# differences between Dream HP and Dream HX?



## veloci1 (Nov 29, 2005)

i am looking for a bike i can do crits with (has to be a Colnago) and i am looking (no luck so far) to get either of these 2 frames. anyone with experinces on these? are the only differences the year they were made and the shape of the rear tringle? which one will be better for racing over all?

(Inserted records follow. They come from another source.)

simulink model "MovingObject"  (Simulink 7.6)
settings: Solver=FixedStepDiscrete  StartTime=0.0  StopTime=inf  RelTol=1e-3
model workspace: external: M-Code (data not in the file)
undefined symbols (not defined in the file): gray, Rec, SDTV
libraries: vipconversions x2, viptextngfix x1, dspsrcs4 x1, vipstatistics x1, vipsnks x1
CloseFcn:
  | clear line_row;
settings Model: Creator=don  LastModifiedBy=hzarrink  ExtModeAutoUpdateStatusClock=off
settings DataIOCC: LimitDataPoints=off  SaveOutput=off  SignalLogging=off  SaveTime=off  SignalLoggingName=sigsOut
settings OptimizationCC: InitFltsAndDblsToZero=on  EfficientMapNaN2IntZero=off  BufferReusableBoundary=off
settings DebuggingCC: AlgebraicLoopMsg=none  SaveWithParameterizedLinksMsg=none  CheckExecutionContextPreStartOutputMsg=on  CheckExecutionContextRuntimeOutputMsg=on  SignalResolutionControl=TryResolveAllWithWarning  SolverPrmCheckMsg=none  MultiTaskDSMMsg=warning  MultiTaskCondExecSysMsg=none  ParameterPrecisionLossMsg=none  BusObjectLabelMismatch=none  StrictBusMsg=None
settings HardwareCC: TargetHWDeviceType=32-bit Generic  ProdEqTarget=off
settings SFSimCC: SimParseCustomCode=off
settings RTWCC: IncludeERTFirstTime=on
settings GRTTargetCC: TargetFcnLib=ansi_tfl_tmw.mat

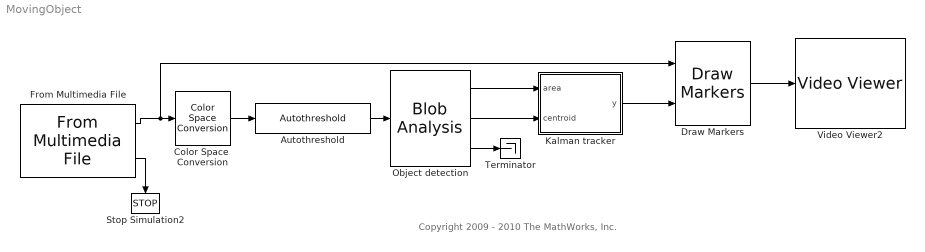
== system MovingObject ==
  note: Copyright 2009 - 2010 The MathWorks, Inc.
  Autothreshold : vipconversions/Autothreshold  DialogController=vipDDGCreate  DialogControllerArgs=DataTag0  operator=<=  threshOut=off  effMetricOut=off  userDefinedRange=off  umin=0  umax=255  outOfRngOpt=Warn and saturate  scaleThreshold=off  scaleFactor=1  P1Mode=Specify word length  P1WordLength=32  P1FracLength=30  P2Mode=Specify word length  P2WordLength=32  P2FracLength=22  P3Mode=Specify word length  P3WordLength=32  P3FracLength=14  P4Mode=Binary point scaling  P4WordLength=32  P4FracLength=15  Q1Mode=Specify word length  Q1WordLength=32  Q1FracLength=16  EMMode=Specify word length  EMWordLength=16  EMFracLength=14  roundingMode=Floor  overflowMode=off
  Color Space  Conversion : vipconversions/Color Space  Conversion  conversion=Obsolete  conversionActive=R'G'B' to intensity  wp_str=D65  rec=Rec. 601 (SDTV)  sys=1125/60/2:1  imagePorts=One multidimensional signal
  Draw Markers : viptextngfix/Draw Markers  DialogController=vipDDGCreate  DialogControllerArgs=DataTag1  shape=X-mark  size=10  fill=off  fillClrSource=Specify via dialog  display=User-specified value  intensity=200  color=[255 0 0]  opacity=0.6  viewport=Entire image  antialiasing=off  inType=Obsolete  imagePorts=One multidimensional signal  prodOutputMode=Binary point scaling  prodOutputWordLength=32  prodOutputFracLength=14  memoryMode=Specify word length  memoryWordLength=16  memoryFracLength=15  roundingMode=Floor  overflowMode=off
  From Multimedia File : dspsrcs4/From Multimedia File  DialogController=dspDDGCreate  DialogControllerArgs=DataTag2  inputFilename=MovingObject.avi  loop=on  numPlays=1  outputStreams=Video only  videoDataType=double  audioDataType=int16  inheritSampleTime=on  userDefinedSampleTime=1/40  noAudioOutput=off  isIntensityVideo=off  fourcc=RGB  colorVideoFormat=One multidimensional signal  outputEOF=on  dataOrg=Column-major  audioFrameSize=1024  computeAudioFrameSize=off
  Kalman tracker : Stateflow chart  TreatAsAtomicUnit=on
  Object detection : vipstatistics/Blob Analysis  Tag=vipblks_row_conv  DialogController=vipDDGCreate  DialogControllerArgs=DataTag3  area=on  centroid=on  bBox=off  majorAxis=off  minorAxis=off  angle=off  eccentricity=off  equivDiameterSq=off  extent=off  perimeter=off  maxBlobs=20  warnIfNumBlobsExceeded=off  isCount=on  useMinArea=on  minArea=1  useMaxArea=on  maxArea=100000  excludeBorderBlob=off  outDT=double  isOutVarDim=off  isFill=on  fillValues=0  conn=8  isLabel=off  outputMode=Binary point scaling  outputWordLength=32  outputFracLength=16  firstCoeffMode=Binary point scaling  firstCoeffWordLength=16  firstCoeffFracLength=14  secondCoeffMode=Binary point scaling  secondCoeffWordLength=32  secondCoeffFracLength=16  accumMode=Binary point scaling  accumWordLength=32  accumFracLength=0  prodOutputMode=Binary point scaling  prodOutputWordLength=32  prodOutputFracLength=16  roundingMode=Zero  overflowMode=off
  Stop Simulation2 : Stop
  Terminator : Terminator
  Video Viewer2 : vipsnks/Video Viewer  DialogControllerArgs=DataTag5  inputType=Obsolete7b  imagePorts=One multidimensional signal  useColorMap=off  colormapValue=gray(256)  specRange=off  minInputVal=0  maxInputVal=255  FigPos=[670 712 338 225]  AxisZoom=on  trueSizedOnce=off  OpenAtMdlStart=on
  wires:
  Autothreshold/1 -> Object detection/1
  Object detection/1 -> Kalman tracker/1(area)
  Draw Markers/1 -> Video Viewer2/1
  Object detection/2 -> Kalman tracker/2(centroid)
  From Multimedia File/2 -> Stop Simulation2/1
  Kalman tracker/1(y) -> Draw Markers/2
  Color Space  Conversion/1 -> Autothreshold/1
  From Multimedia File/1 -> Color Space  Conversion/1, Draw Markers/1
  Object detection/3 -> Terminator/1

== matlab function Kalman tracker ==
  data: area input double; y output double; centroid input double
function y = kalman(area,centroid)
%#eml
[v,i]=max(area);
z=centroid(:,i);
y=kalman01(z);

i know a lot of questions but i am hoping someone here can help. I do not and will not race my EP. but, if i can find a good deal on the HX or HP, i would race one of those.


----------



## fabsroman (Jul 14, 2006)

Look for a Taiwan made Colnago Arte. Essentially the same thing as a Dream HX, just slightly heavier and a lot less expensive. Heck, the Arte frame/fork is only 70 grams heavier than my carbon fiber Cristallo. I will not race my Cristallo or my C50. Just this weekend I was involved in a wreck that left a pretty good scrape on the right rear dropout of my Arte. I picked up 2 of these frames on ebay for around $600 a piece, and the other one is sitting in a box waiting for the first one to get wrecked.

To answer your question, the only difference between the Dream HP and HX is the rear triangle. If you are planning on doing crits with it, get the HX because the rear triangle is supposed to be stiffer.


----------